Using invoice-price spending, 340B’s share in 2018 was 8.1%, or $39.2 billion ÷ $482 billion.

These are very rough estimates that understate 340B’s actual share of the market. That’s because the data from Apexus includes only indirect sales made via wholesalers. The $24.3 billion figure is therefore less than the actual total of 340B purchases at discounted prices, because it excludes an unknown amount of manufacturer sales made directly to healthcare institutions.

For an alternative estimate, I recommend Measuring the Relative Size of the 340B Program: 2017 Update. Using different assumptions about 340B discounts, Berkeley Research Group concluded that 340B was 10.1% of the U.S. market in 2017.

Note that 340B Health, which lobbies for hospitals that participate in the 340B program, continues to falsely claim that 340B was "less than 2% of total drug company revenues" in 2015. It wasn't true then and is certainly not true today.

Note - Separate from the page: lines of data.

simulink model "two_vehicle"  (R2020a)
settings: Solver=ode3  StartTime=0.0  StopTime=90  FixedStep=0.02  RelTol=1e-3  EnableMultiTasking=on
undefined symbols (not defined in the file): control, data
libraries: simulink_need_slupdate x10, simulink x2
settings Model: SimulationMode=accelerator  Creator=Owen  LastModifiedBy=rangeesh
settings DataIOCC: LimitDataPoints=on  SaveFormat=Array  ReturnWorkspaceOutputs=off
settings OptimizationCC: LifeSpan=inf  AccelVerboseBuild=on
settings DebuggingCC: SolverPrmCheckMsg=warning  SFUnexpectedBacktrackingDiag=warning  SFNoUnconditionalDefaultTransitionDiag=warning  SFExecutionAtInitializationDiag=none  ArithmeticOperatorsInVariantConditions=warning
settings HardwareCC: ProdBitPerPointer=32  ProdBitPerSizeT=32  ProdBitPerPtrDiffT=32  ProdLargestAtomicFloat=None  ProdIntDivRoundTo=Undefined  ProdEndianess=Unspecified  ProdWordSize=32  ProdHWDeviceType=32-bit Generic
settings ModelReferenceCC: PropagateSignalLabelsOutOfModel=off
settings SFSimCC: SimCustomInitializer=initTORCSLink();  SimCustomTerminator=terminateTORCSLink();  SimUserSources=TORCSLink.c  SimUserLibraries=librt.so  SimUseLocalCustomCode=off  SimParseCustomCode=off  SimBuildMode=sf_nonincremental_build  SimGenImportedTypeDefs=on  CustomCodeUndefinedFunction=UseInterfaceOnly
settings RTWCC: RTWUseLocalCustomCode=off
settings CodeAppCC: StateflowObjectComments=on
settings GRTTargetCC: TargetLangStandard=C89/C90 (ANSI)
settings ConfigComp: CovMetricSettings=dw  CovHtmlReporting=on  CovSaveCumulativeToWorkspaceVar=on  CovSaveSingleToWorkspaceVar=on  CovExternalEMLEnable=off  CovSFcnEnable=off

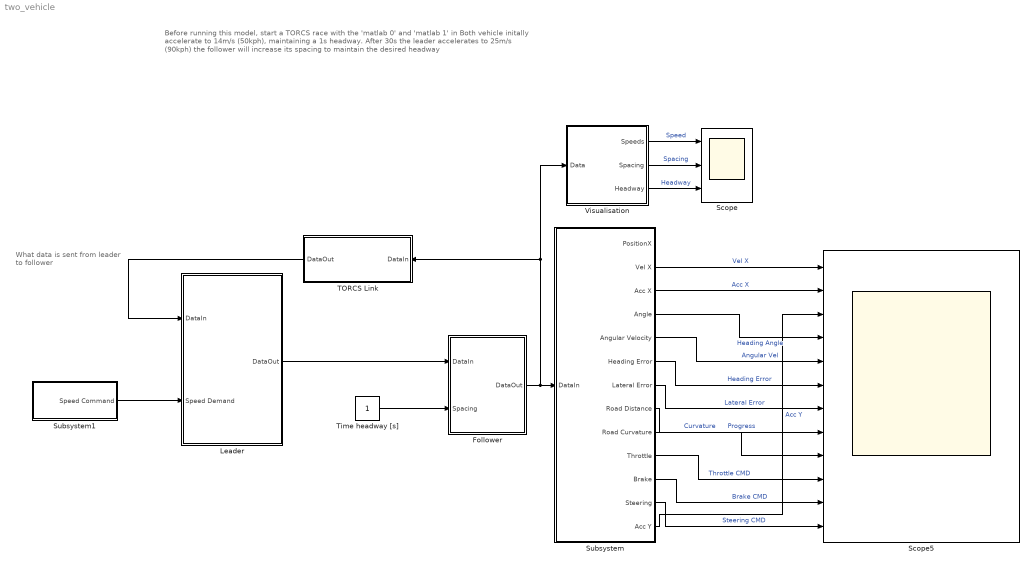
== system two_vehicle ==
  note: What data is sent from leader to follower
  note: Before running this model, start a TORCS race with the 'matlab 0' and 'matlab 1' in
      |
      | Both vehicle initally accelerate to 14m/s (50kph), maintaining a 1s headway.
      | After 30s the leader accelerates to 25m/s (90kph)
      | the follower will increase its spacing to maintain the desired headway
  Follower : Subsystem
      settings: CopyFcn=|
      | veh = str2num(get_param(gcb, 'vehicle'));
      | veh = veh + 1;
      | set_param(gcb,'vehicle',num2str(veh));
  Leader : Subsystem
  Scope : Scope  NumInputPorts=3
  Scope5 : Scope  NumInputPorts=12
  Subsystem : Subsystem
  Subsystem1 : Subsystem
  TORCS Link : Subsystem  LoadFcn=|  InitFcn=|
      LoadFcn=|
      | load VehicleBusses.mat;
      | src = 'TORCSLink.c';
      | init = 'initTORCSLink();';
      | term = 'terminateTORCSLink();';
      | simSrc = get_param(gcs,'SimUserSources');
      | simInit = get_param(gcs,'SimCustomInitializer');
      | simTerm = get_param(gcs,'SimCustomTerminator');
      | 
      | if isempty(strfind(simSrc,src))
      |   fprintf('Adding %s to Custom Sources\n', src);
      |   set_param(gcs,'SimUserSources', [simSrc 10 src]);
      | end
      | 
      | if isempty(strfind(simInit,init))
      |   fprintf('Adding %s to Custom Initialisation Code\n', init);
      |   set_param(gcs,'SimCustomInitializer', [simInit 10 init]);
      | end
      | 
      | if isempty(strfind(simTerm,term))
      |   fprintf('Adding %s to Custom Termination Code\n', term);
      |   set_param(gcs,'SimCustomTerminator', [simTerm 10 term]);
      | end
      | 
      | if isunix
      |     libs = 'librt.so';
      |     simLibs = get_param(gcs,'SimUserLibraries');
      | 
      |     if isempty(strfind(simLibs,libs))
      |       fprintf('Adding %s to Custom Libraries\n', libs);
      |       set_param(gcs,'SimUserLibraries', [simLibs 10 libs]);
      |     end
      | else
      |    set_param(gcs,'SimUserLibraries', '');
      | end
      | 
      | clear src init term simSrc simInit simTerm libs simLibs;
      InitFcn=|
      | load VehicleBusses.mat;
      | src = 'TORCSLink.c';
      | init = 'initTORCSLink();';
      | term = 'terminateTORCSLink();';
      | simSrc = get_param(gcs,'SimUserSources');
      | simInit = get_param(gcs,'SimCustomInitializer');
      | simTerm = get_param(gcs,'SimCustomTerminator');
      | 
      | if isempty(strfind(simSrc,src))
      |   fprintf('Adding %s to Custom Sources\n', src);
      |   set_param(gcs,'SimUserSources', [simSrc 10 src]);
      | end
      | 
      | if isempty(strfind(simInit,init))
      |   fprintf('Adding %s to Custom Initialisation Code\n', init);
      |   set_param(gcs,'SimCustomInitializer', [simInit 10 init]);
      | end
      | 
      | if isempty(strfind(simTerm,term))
      |   fprintf('Adding %s to Custom Termination Code\n', term);
      |   set_param(gcs,'SimCustomTerminator', [simTerm 10 term]);
      | end
      | 
      | if isunix
      |     libs = 'librt.so';
      |     simLibs = get_param(gcs,'SimUserLibraries');
      | 
      |     if isempty(strfind(simLibs,libs))
      |       fprintf('Adding %s to Custom Libraries\n', libs);
      |       set_param(gcs,'SimUserLibraries', [simLibs 10 libs]);
      |     end
      | else
      |    set_param(gcs,'SimUserLibraries', '');
      | end
      | 
      | clear src init term simSrc simInit simTerm libs simLibs;
  Time headway [s] : Constant
  Visualisation : Subsystem
  wires:
  Follower/1(DataOut) -> Visualisation/1(Data), TORCS Link/1(DataIn), Subsystem/1(DataIn)
  Leader/1(DataOut) -> Follower/1(DataIn)
  Time headway [s]/1 -> Follower/2(Spacing)
  Subsystem1/1(Speed Command) -> Leader/2(Speed Demand)
  Visualisation/2(Spacing) -> Scope/2  "Spacing"
  Visualisation/3(Headway) -> Scope/3  "Headway"
  Subsystem/2(Vel X) -> Scope5/1  "Vel X"
  Subsystem/3(Acc X) -> Scope5/2  "Acc X"
  Subsystem/11(Brake) -> Scope5/11  "Brake CMD"
  Subsystem/5(Angular Velocity) -> Scope5/5  "Angular Vel"
  Subsystem/10(Throttle) -> Scope5/10  "Throttle CMD"
  Visualisation/1(Speeds) -> Scope/1  "Speed"
  TORCS Link/1(DataOut) -> Leader/1(DataIn)
  Subsystem/12(Steering) -> Scope5/12  "Steering CMD"
  Subsystem/9(Road Curvature) -> Scope5/9  "Curvature"
  Subsystem/8(Road Distance) -> Scope5/8  "Progress"
  Subsystem/7(Lateral Error) -> Scope5/7  "Lateral Error"
  Subsystem/4(Angle) -> Scope5/4  "Heading Angle"
  Subsystem/6(Heading Error) -> Scope5/6  "Heading Error"
  Subsystem/13(Acc Y) -> Scope5/3  "Acc Y"

== system two_vehicle/Follower ==
  note: Use a Selector block to choose which vehicle data you want,
      | then use an Assignment to overwrite that vehicles data when you're done...
  DataIn : Inport
  Spacing : Inport  Port=2
  Assignment : Assignment  DiagnosticForDimensions=Warning  IndexOptions=Index vector (dialog)  Indices=2  OutputSizes=1
  Ego : Selector  InputPortWidth=10  IndexOptions=Index vector (dialog)  Indices=2  OutputSizes=1
  Follower Vehicle Control : Subsystem
  Leader : Selector  InputPortWidth=10  IndexOptions=Index vector (dialog)  Indices=1  OutputSizes=1
  DataOut : Outport
  wires:
  Ego/1 -> Follower Vehicle Control/3(Ego)
  DataIn/1 -> Ego/1, Leader/1, Assignment/1
  Assignment/1 -> DataOut/1
  Spacing/1 -> Follower Vehicle Control/1(Headway)
  Follower Vehicle Control/1(Data Out) -> Assignment/2
  Leader/1 -> Follower Vehicle Control/2(Leader)

== system two_vehicle/Leader ==
  note: Selector block is there to select which vehicle's
      | data you want to send
  note: Use a Selector block to choose which vehicle data you want,
      | then use an Assignment to overwrite that vehicles data when you're done...
  DataIn : Inport
  Speed Demand : Inport  Port=2
  Assignment : Assignment  DiagnosticForDimensions=Warning  IndexOptions=Index vector (dialog)  Indices=1  OutputSizes=1
  Lead Vehicle Control : Subsystem
  Selector : Selector  InputPortWidth=10  IndexOptions=Index vector (dialog)  Indices=1  OutputSizes=1
  DataOut : Outport
  wires:
  Speed Demand/1 -> Lead Vehicle Control/2(Speed Demand)
  DataIn/1 -> Selector/1, Assignment/1
  Selector/1 -> Lead Vehicle Control/1(Data In)
  Assignment/1 -> DataOut/1
  Lead Vehicle Control/1(Data Out) -> Assignment/2

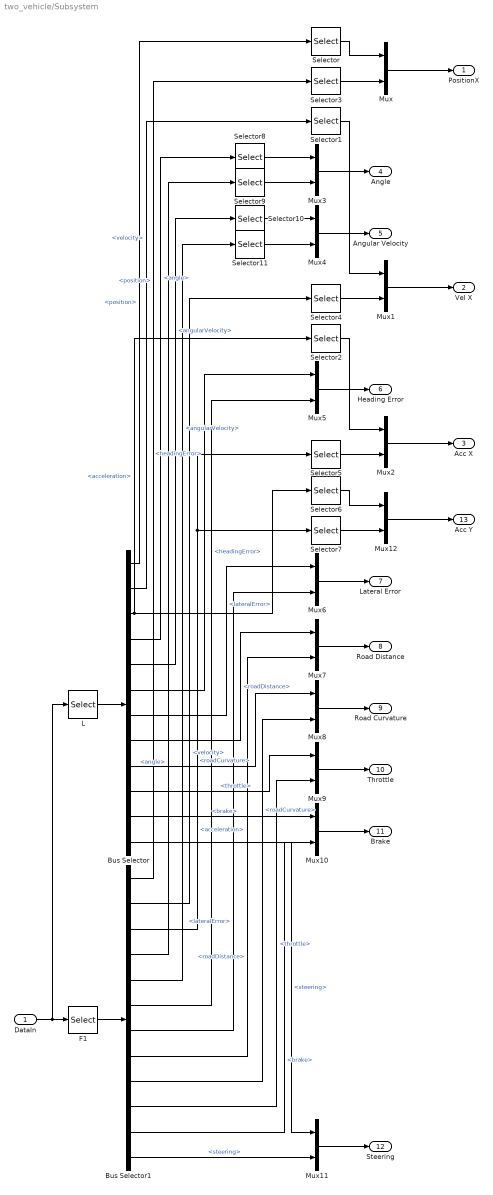
== system two_vehicle/Subsystem ==
  DataIn : Inport
  Bus Selector : BusSelector  OutputSignals=data.position,data.velocity,data.acceleration,data.angle,data.angularVelocity,data.headingError,data.lateralError,data.roadDistance,data.roadCurvature,control.throttle,control.brake,control.steering
  Bus Selector1 : BusSelector  OutputSignals=data.position,data.velocity,data.acceleration,data.angle,data.angularVelocity,data.headingError,data.lateralError,data.roadDistance,data.roadCurvature,control.throttle,control.brake,control.steering
  F1 : Selector  InputPortWidth=10  IndexOptions=Index vector (dialog)  Indices=2  OutputSizes=1
  L : Selector  InputPortWidth=10  IndexOptions=Index vector (dialog)  Indices=1  OutputSizes=1
  Mux{,1..12} (13 alike) : Mux  Inputs=2
  Selector{,1..5} (6 alike) : Selector  InputPortWidth=3  IndexOptions=Index vector (dialog)  Indices=1  OutputSizes=1
  Selector{8..11} (4 alike) : Selector  InputPortWidth=3  IndexOptions=Index vector (dialog)  Indices=3  OutputSizes=1
  Selector6 : Selector  InputPortWidth=3  IndexOptions=Index vector (dialog)  Indices=2  OutputSizes=1
  Selector7 : Selector  InputPortWidth=3  IndexOptions=Index vector (dialog)  Indices=2  OutputSizes=1
  PositionX : Outport
  Vel X : Outport  Port=2
  Acc X : Outport  Port=3
  Angle : Outport  Port=4
  Angular Velocity : Outport  Port=5
  Heading Error : Outport  Port=6
  Lateral Error : Outport  Port=7
  Road Distance : Outport  Port=8
  Road Curvature : Outport  Port=9
  Throttle : Outport  Port=10
  Brake : Outport  Port=11
  Steering : Outport  Port=12
  Acc Y : Outport  Port=13
  wires:
  Bus Selector/3 -> Selector6/1, Selector2/1  "<acceleration>"
  DataIn/1 -> F1/1, L/1
  Selector6/1 -> Mux12/1
  Mux7/1 -> Road Distance/1
  Bus Selector/11 -> Mux10/1  "<brake>"
  Bus Selector/6 -> Mux5/1  "<headingError>"
  Bus Selector/4 -> Selector8/1  "<angle>"
  Bus Selector/5 -> Selector10/1  "<angularVelocity>"
  Bus Selector1/5 -> Selector11/1  "<angularVelocity>"
  Mux4/1 -> Angular Velocity/1
  Mux9/1 -> Throttle/1
  Mux1/1 -> Vel X/1
  Mux6/1 -> Lateral Error/1
  Bus Selector1/7 -> Mux6/2  "<lateralError>"
  Selector/1 -> Mux/1
  Bus Selector1/3 -> Selector7/1, Selector5/1  "<acceleration>"
  Bus Selector1/12 -> Mux11/2  "<steering>"
  Selector3/1 -> Mux/2
  Selector4/1 -> Mux1/2
  Mux5/1 -> Heading Error/1
  Mux10/1 -> Brake/1
  Bus Selector1/9 -> Mux8/2  "<roadCurvature>"
  Mux8/1 -> Road Curvature/1
  Bus Selector/12 -> Mux11/1  "<steering>"
  F1/1 -> Bus Selector1/1
  Bus Selector1/10 -> Mux9/2  "<throttle>"
  Mux/1 -> PositionX/1
  Mux11/1 -> Steering/1
  Bus Selector1/11 -> Mux10/2  "<brake>"
  Bus Selector/10 -> Mux9/1  "<throttle>"
  Bus Selector/7 -> Mux6/1  "<lateralError>"
  Bus Selector/9 -> Mux8/1  "<roadCurvature>"
  Bus Selector1/2 -> Selector4/1  "<velocity>"
  Bus Selector1/1 -> Selector3/1  "<position>"
  Mux12/1 -> Acc Y/1
  Bus Selector1/4 -> Selector9/1  "<angle>"
  Bus Selector1/6 -> Mux5/2  "<headingError>"
  Selector7/1 -> Mux12/2
  Selector2/1 -> Mux2/1
  L/1 -> Bus Selector/1
  Bus Selector/2 -> Selector1/1  "<velocity>"
  Selector1/1 -> Mux1/1
  Bus Selector1/8 -> Mux7/2  "<roadDistance>"
  Mux2/1 -> Acc X/1
  Bus Selector/1 -> Selector/1  "<position>"
  Bus Selector/8 -> Mux7/1  "<roadDistance>"
  Selector5/1 -> Mux2/2
  Mux3/1 -> Angle/1
  Selector8/1 -> Mux3/1
  Selector9/1 -> Mux3/2
  Selector10/1 -> Mux4/1
  Selector11/1 -> Mux4/2

== system two_vehicle/Subsystem1 ==
  Clock : Clock
  Constant : Constant  Value=[14, 25, 0]
  Index Selector : MATLAB Function  TreatAsAtomicUnit=on
  Selector : Selector  InputPortWidth=3  IndexOptions=Index vector (port)  Indices=[1 3]  OutputSizes=1
  Speed Command : Outport
  wires:
  Clock/1 -> Index Selector/1(time)
  Index Selector/1(speed_command_index) -> Selector/2
  Constant/1 -> Selector/1
  Selector/1 -> Speed Command/1

== system two_vehicle/TORCS Link ==
  note: This subsystem handles the communicatrion with TORCS via a MATLAB function.
      | The simulation must be configured to run at a fixed sample time equal to the rate at which TORCS updates its robots (0.02s by default)
      | Data returned from TORCS is passed through a First-Order-Hold to allow continuous design in Simulink
      | Data for a maximum of 10 vehicles is returned, but not all vehicles need be present in the race
  DataIn : Inport
  FOHs : Subsystem  TreatAsAtomicUnit=on
  Memory : Memory
  Stop Simulation : Stop
  TORCSLink : MATLAB Function  TreatAsAtomicUnit=on
  DataOut : Outport
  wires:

The 340B program is highly controversial, in part because its founding legislation did not specify or restrict how covered entities should utilize the funds that the program generates. Here are some complementary data that raise additional questions.

Most 340B purchases are made by hospitals. The 340B program’s defenders usually argue that hospitals provide charity care that justifies the amazing growth shown above.

An embarrassing point of comparison: The total value of hospitals' uncompensated care has declined, from $46.8 billion in 2013 to $38.4 billion in 2017 (the most recent year available). These data come from the American Hospital Association. Uncompensated care as a percentage of hospitals’ total expenses has also declined, from 5.9% in 2013 to 4.0% in 2017.

[Click to Enlarge]

BTW, uncompensated care has hit a historic low as a percentage of expenses. This figure remained unchanged from 2016 to 2017, despite a 7% increase in community hospital operating expenses.

My simple observation is consistent with data from the U.S. Government Accountability Office (GAO). In a June 2018 report, the GAO found that more than 20% of 340B hospitals provide minimal amounts of charity care. Links and my discussion appear in our July 2018 news roundup.

Hospitals have many non-340B, government-granted incentives to subsidize charity care. The majority of hospitals in the United States operate as nonprofit organizations and, as such, are exempt from most federal, state, and local taxes. In exchange, they are expected to provide various "community benefits" to maintain this non-profit status. (See Nonprofit Hospitals' Community Benefit Requirements from the Robert Wood Johnson Foundation.) Much of the uncompensated care reported in the chart above is tied to these requirements—and not to the 340B program.


Long time readers know that I think the 340B program is long overdue for reform, especially in light of the many abuses and problems that have been uncovered. Substantial evidence suggests that 340B savings are not always shared with patients and their insurance providers, including Medicare.